▶ Given entries:
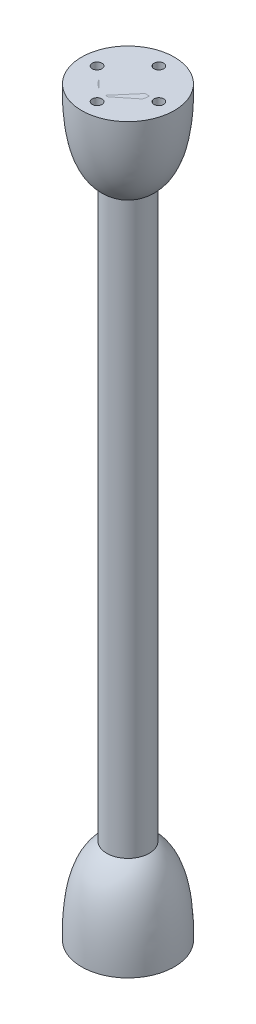
ISO-10303-21;
HEADER;
FILE_DESCRIPTION(('STEP AP214'),'2;1');
FILE_NAME('part.step','',(''),(''),'','','');
FILE_SCHEMA(('AUTOMOTIVE_DESIGN { 1 0 10303 214 1 1 1 1 }'));
ENDSEC;
DATA;
#1=APPLICATION_CONTEXT('core data for automotive mechanical design processes');
#2=APPLICATION_PROTOCOL_DEFINITION('international standard','automotive_design',2000,#1);
#3=PRODUCT_CONTEXT('',#1,'mechanical');
#4=PRODUCT('Part','Part','',(#3));
#5=PRODUCT_RELATED_PRODUCT_CATEGORY('part','',(#4));
#6=PRODUCT_DEFINITION_FORMATION('','',#4);
#7=PRODUCT_DEFINITION_CONTEXT('part definition',#1,'design');
#8=PRODUCT_DEFINITION('design','',#6,#7);
#9=PRODUCT_DEFINITION_SHAPE('','',#8);
#10=(LENGTH_UNIT() NAMED_UNIT(*) SI_UNIT(.MILLI.,.METRE.));
#11=(NAMED_UNIT(*) PLANE_ANGLE_UNIT() SI_UNIT($,.RADIAN.));
#12=(NAMED_UNIT(*) SI_UNIT($,.STERADIAN.) SOLID_ANGLE_UNIT());
#13=UNCERTAINTY_MEASURE_WITH_UNIT(LENGTH_MEASURE(1.E-05),#10,'distance_accuracy_value','');
#14=(GEOMETRIC_REPRESENTATION_CONTEXT(3) GLOBAL_UNCERTAINTY_ASSIGNED_CONTEXT((#13)) GLOBAL_UNIT_ASSIGNED_CONTEXT((#10,
#11,#12)) REPRESENTATION_CONTEXT('',''));
#15=CARTESIAN_POINT('',(0.,0.,0.));
#16=DIRECTION('',(0.,0.,1.));
#17=DIRECTION('',(1.,0.,0.));
#18=AXIS2_PLACEMENT_3D('',#15,#16,#17);
#19=CARTESIAN_POINT('',(0.,266.7,0.));
#20=CARTESIAN_POINT('',(19.7530600429032,267.671645918133,0.));
#21=CARTESIAN_POINT('',(19.05,304.8,0.));
#22=B_SPLINE_CURVE_WITH_KNOTS('',2,(#19,#20,#21),.UNSPECIFIED.,.F.,.F.,(3,3),(0.,1.),.UNSPECIFIED.);
#23=CARTESIAN_POINT('',(0.,0.,0.));
#24=DIRECTION('',(0.,-1.,0.));
#25=AXIS1_PLACEMENT('',#23,#24);
#26=SURFACE_OF_REVOLUTION('',#22,#25);
#27=CARTESIAN_POINT('',(0.,304.8,0.));
#28=DIRECTION('',(0.,-1.,0.));
#29=DIRECTION('',(0.,0.,-1.));
#30=AXIS2_PLACEMENT_3D('',#27,#28,#29);
#31=CIRCLE('',#30,19.05);
#32=CARTESIAN_POINT('',(0.,304.8,-19.05));
#33=VERTEX_POINT('',#32);
#34=EDGE_CURVE('E12',#33,#33,#31,.T.);
#35=ORIENTED_EDGE('',*,*,#34,.T.);
#36=EDGE_LOOP('',(#35));
#37=FACE_BOUND('',#36,.T.);
#38=CARTESIAN_POINT('',(0.,266.7,0.));
#39=VERTEX_POINT('',#38);
#40=VERTEX_LOOP('',#39);
#41=FACE_BOUND('',#40,.T.);
#42=ADVANCED_FACE('F47',(#37,#41),#26,.F.);
#43=CARTESIAN_POINT('',(0.,304.8,0.));
#44=DIRECTION('',(0.,1.,0.));
#45=DIRECTION('',(0.,0.,1.));
#46=AXIS2_PLACEMENT_3D('',#43,#44,#45);
#47=PLANE('',#46);
#48=CARTESIAN_POINT('',(12.7,304.8,0.));
#49=DIRECTION('',(0.,1.,0.));
#50=DIRECTION('',(0.,0.,1.));
#51=AXIS2_PLACEMENT_3D('',#48,#49,#50);
#52=CIRCLE('',#51,2.000000064);
#53=CARTESIAN_POINT('',(12.7,304.8,2.000000064));
#54=VERTEX_POINT('',#53);
#55=EDGE_CURVE('E105',#54,#54,#52,.T.);
#56=ORIENTED_EDGE('',*,*,#55,.F.);
#57=EDGE_LOOP('',(#56));
#58=FACE_BOUND('',#57,.T.);
#59=CARTESIAN_POINT('',(-12.7,304.8,0.));
#60=DIRECTION('',(0.,1.,0.));
#61=DIRECTION('',(0.,0.,1.));
#62=AXIS2_PLACEMENT_3D('',#59,#60,#61);
#63=CIRCLE('',#62,2.000000064);
#64=CARTESIAN_POINT('',(-12.7,304.8,2.000000064));
#65=VERTEX_POINT('',#64);
#66=EDGE_CURVE('E108',#65,#65,#63,.T.);
#67=ORIENTED_EDGE('',*,*,#66,.F.);
#68=EDGE_LOOP('',(#67));
#69=FACE_BOUND('',#68,.T.);
#70=CARTESIAN_POINT('',(0.,304.8,-12.7));
#71=DIRECTION('',(0.,1.,0.));
#72=DIRECTION('',(0.,0.,1.));
#73=AXIS2_PLACEMENT_3D('',#70,#71,#72);
#74=CIRCLE('',#73,2.000000064);
#75=CARTESIAN_POINT('',(0.,304.8,-10.699999936));
#76=VERTEX_POINT('',#75);
#77=EDGE_CURVE('E116',#76,#76,#74,.T.);
#78=ORIENTED_EDGE('',*,*,#77,.F.);
#79=EDGE_LOOP('',(#78));
#80=FACE_BOUND('',#79,.T.);
#81=CARTESIAN_POINT('',(0.,304.8,12.7));
#82=DIRECTION('',(0.,1.,0.));
#83=DIRECTION('',(0.,0.,1.));
#84=AXIS2_PLACEMENT_3D('',#81,#82,#83);
#85=CIRCLE('',#84,2.000000064);
#86=CARTESIAN_POINT('',(0.,304.8,14.700000064));
#87=VERTEX_POINT('',#86);
#88=EDGE_CURVE('E122',#87,#87,#85,.T.);
#89=ORIENTED_EDGE('',*,*,#88,.F.);
#90=EDGE_LOOP('',(#89));
#91=FACE_BOUND('',#90,.T.);
#92=ORIENTED_EDGE('',*,*,#34,.F.);
#93=EDGE_LOOP('',(#92));
#94=FACE_BOUND('',#93,.T.);
#95=ADVANCED_FACE('F57',(#58,#69,#80,#91,#94),#47,.T.);
#96=CARTESIAN_POINT('',(0.,297.80000003,12.7));
#97=DIRECTION('',(0.,1.,0.));
#98=DIRECTION('',(0.,0.,1.));
#99=AXIS2_PLACEMENT_3D('',#96,#97,#98);
#100=CYLINDRICAL_SURFACE('',#99,2.000000064);
#101=CARTESIAN_POINT('',(0.,297.80000003,12.7));
#102=DIRECTION('',(0.,1.,0.));
#103=DIRECTION('',(0.,0.,1.));
#104=AXIS2_PLACEMENT_3D('',#101,#102,#103);
#105=CIRCLE('',#104,2.000000064);
#106=CARTESIAN_POINT('',(0.,297.80000003,14.700000064));
#107=VERTEX_POINT('',#106);
#108=EDGE_CURVE('E125',#107,#107,#105,.T.);
#109=ORIENTED_EDGE('',*,*,#108,.F.);
#110=EDGE_LOOP('',(#109));
#111=FACE_BOUND('',#110,.T.);
#112=ORIENTED_EDGE('',*,*,#88,.T.);
#113=EDGE_LOOP('',(#112));
#114=FACE_BOUND('',#113,.T.);
#115=ADVANCED_FACE('F62',(#111,#114),#100,.F.);
#116=CARTESIAN_POINT('',(0.,297.80000003,12.7));
#117=DIRECTION('',(0.,1.,0.));
#118=DIRECTION('',(0.,0.,1.));
#119=AXIS2_PLACEMENT_3D('',#116,#117,#118);
#120=PLANE('',#119);
#121=ORIENTED_EDGE('',*,*,#108,.T.);
#122=EDGE_LOOP('',(#121));
#123=FACE_BOUND('',#122,.T.);
#124=ADVANCED_FACE('F69',(#123),#120,.T.);
#125=CARTESIAN_POINT('',(0.,297.80000003,-12.7));
#126=DIRECTION('',(0.,1.,0.));
#127=DIRECTION('',(0.,0.,1.));
#128=AXIS2_PLACEMENT_3D('',#125,#126,#127);
#129=CYLINDRICAL_SURFACE('',#128,2.000000064);
#130=CARTESIAN_POINT('',(0.,297.80000003,-12.7));
#131=DIRECTION('',(0.,1.,0.));
#132=DIRECTION('',(0.,0.,1.));
#133=AXIS2_PLACEMENT_3D('',#130,#131,#132);
#134=CIRCLE('',#133,2.000000064);
#135=CARTESIAN_POINT('',(0.,297.80000003,-10.699999936));
#136=VERTEX_POINT('',#135);
#137=EDGE_CURVE('E119',#136,#136,#134,.T.);
#138=ORIENTED_EDGE('',*,*,#137,.F.);
#139=EDGE_LOOP('',(#138));
#140=FACE_BOUND('',#139,.T.);
#141=ORIENTED_EDGE('',*,*,#77,.T.);
#142=EDGE_LOOP('',(#141));
#143=FACE_BOUND('',#142,.T.);
#144=ADVANCED_FACE('F76',(#140,#143),#129,.F.);
#145=CARTESIAN_POINT('',(0.,297.80000003,-12.7));
#146=DIRECTION('',(0.,1.,0.));
#147=DIRECTION('',(0.,0.,1.));
#148=AXIS2_PLACEMENT_3D('',#145,#146,#147);
#149=PLANE('',#148);
#150=ORIENTED_EDGE('',*,*,#137,.T.);
#151=EDGE_LOOP('',(#150));
#152=FACE_BOUND('',#151,.T.);
#153=ADVANCED_FACE('F79',(#152),#149,.T.);
#154=CARTESIAN_POINT('',(-12.7,297.80000003,0.));
#155=DIRECTION('',(0.,1.,0.));
#156=DIRECTION('',(0.,0.,1.));
#157=AXIS2_PLACEMENT_3D('',#154,#155,#156);
#158=CYLINDRICAL_SURFACE('',#157,2.000000064);
#159=CARTESIAN_POINT('',(-12.7,297.80000003,0.));
#160=DIRECTION('',(0.,1.,0.));
#161=DIRECTION('',(0.,0.,1.));
#162=AXIS2_PLACEMENT_3D('',#159,#160,#161);
#163=CIRCLE('',#162,2.000000064);
#164=CARTESIAN_POINT('',(-12.7,297.80000003,2.000000064));
#165=VERTEX_POINT('',#164);
#166=EDGE_CURVE('E113',#165,#165,#163,.T.);
#167=ORIENTED_EDGE('',*,*,#166,.F.);
#168=EDGE_LOOP('',(#167));
#169=FACE_BOUND('',#168,.T.);
#170=ORIENTED_EDGE('',*,*,#66,.T.);
#171=EDGE_LOOP('',(#170));
#172=FACE_BOUND('',#171,.T.);
#173=ADVANCED_FACE('F82',(#169,#172),#158,.F.);
#174=CARTESIAN_POINT('',(-12.7,297.80000003,0.));
#175=DIRECTION('',(0.,1.,0.));
#176=DIRECTION('',(0.,0.,1.));
#177=AXIS2_PLACEMENT_3D('',#174,#175,#176);
#178=PLANE('',#177);
#179=ORIENTED_EDGE('',*,*,#166,.T.);
#180=EDGE_LOOP('',(#179));
#181=FACE_BOUND('',#180,.T.);
#182=ADVANCED_FACE('F87',(#181),#178,.T.);
#183=CARTESIAN_POINT('',(12.7,297.80000003,0.));
#184=DIRECTION('',(0.,1.,0.));
#185=DIRECTION('',(0.,0.,1.));
#186=AXIS2_PLACEMENT_3D('',#183,#184,#185);
#187=CYLINDRICAL_SURFACE('',#186,2.000000064);
#188=CARTESIAN_POINT('',(12.7,297.80000003,0.));
#189=DIRECTION('',(0.,1.,0.));
#190=DIRECTION('',(0.,0.,1.));
#191=AXIS2_PLACEMENT_3D('',#188,#189,#190);
#192=CIRCLE('',#191,2.000000064);
#193=CARTESIAN_POINT('',(12.7,297.80000003,2.000000064));
#194=VERTEX_POINT('',#193);
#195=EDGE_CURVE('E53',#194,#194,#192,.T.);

▶ Problem:
Output, exactly as written, only the lines from the beginning of the listing through the line containing "#47=PLANE('',#46);", both included, and no pictures.

▶ Final answer:
ISO-10303-21;
HEADER;
FILE_DESCRIPTION(('STEP AP214'),'2;1');
FILE_NAME('part.step','',(''),(''),'','','');
FILE_SCHEMA(('AUTOMOTIVE_DESIGN { 1 0 10303 214 1 1 1 1 }'));
ENDSEC;
DATA;
#1=APPLICATION_CONTEXT('core data for automotive mechanical design processes');
#2=APPLICATION_PROTOCOL_DEFINITION('international standard','automotive_design',2000,#1);
#3=PRODUCT_CONTEXT('',#1,'mechanical');
#4=PRODUCT('Part','Part','',(#3));
#5=PRODUCT_RELATED_PRODUCT_CATEGORY('part','',(#4));
#6=PRODUCT_DEFINITION_FORMATION('','',#4);
#7=PRODUCT_DEFINITION_CONTEXT('part definition',#1,'design');
#8=PRODUCT_DEFINITION('design','',#6,#7);
#9=PRODUCT_DEFINITION_SHAPE('','',#8);
#10=(LENGTH_UNIT() NAMED_UNIT(*) SI_UNIT(.MILLI.,.METRE.));
#11=(NAMED_UNIT(*) PLANE_ANGLE_UNIT() SI_UNIT($,.RADIAN.));
#12=(NAMED_UNIT(*) SI_UNIT($,.STERADIAN.) SOLID_ANGLE_UNIT());
#13=UNCERTAINTY_MEASURE_WITH_UNIT(LENGTH_MEASURE(1.E-05),#10,'distance_accuracy_value','');
#14=(GEOMETRIC_REPRESENTATION_CONTEXT(3) GLOBAL_UNCERTAINTY_ASSIGNED_CONTEXT((#13)) GLOBAL_UNIT_ASSIGNED_CONTEXT((#10,
#11,#12)) REPRESENTATION_CONTEXT('',''));
#15=CARTESIAN_POINT('',(0.,0.,0.));
#16=DIRECTION('',(0.,0.,1.));
#17=DIRECTION('',(1.,0.,0.));
#18=AXIS2_PLACEMENT_3D('',#15,#16,#17);
#19=CARTESIAN_POINT('',(0.,266.7,0.));
#20=CARTESIAN_POINT('',(19.7530600429032,267.671645918133,0.));
#21=CARTESIAN_POINT('',(19.05,304.8,0.));
#22=B_SPLINE_CURVE_WITH_KNOTS('',2,(#19,#20,#21),.UNSPECIFIED.,.F.,.F.,(3,3),(0.,1.),.UNSPECIFIED.);
#23=CARTESIAN_POINT('',(0.,0.,0.));
#24=DIRECTION('',(0.,-1.,0.));
#25=AXIS1_PLACEMENT('',#23,#24);
#26=SURFACE_OF_REVOLUTION('',#22,#25);
#27=CARTESIAN_POINT('',(0.,304.8,0.));
#28=DIRECTION('',(0.,-1.,0.));
#29=DIRECTION('',(0.,0.,-1.));
#30=AXIS2_PLACEMENT_3D('',#27,#28,#29);
#31=CIRCLE('',#30,19.05);
#32=CARTESIAN_POINT('',(0.,304.8,-19.05));
#33=VERTEX_POINT('',#32);
#34=EDGE_CURVE('E12',#33,#33,#31,.T.);
#35=ORIENTED_EDGE('',*,*,#34,.T.);
#36=EDGE_LOOP('',(#35));
#37=FACE_BOUND('',#36,.T.);
#38=CARTESIAN_POINT('',(0.,266.7,0.));
#39=VERTEX_POINT('',#38);
#40=VERTEX_LOOP('',#39);
#41=FACE_BOUND('',#40,.T.);
#42=ADVANCED_FACE('F47',(#37,#41),#26,.F.);
#43=CARTESIAN_POINT('',(0.,304.8,0.));
#44=DIRECTION('',(0.,1.,0.));
#45=DIRECTION('',(0.,0.,1.));
#46=AXIS2_PLACEMENT_3D('',#43,#44,#45);
#47=PLANE('',#46);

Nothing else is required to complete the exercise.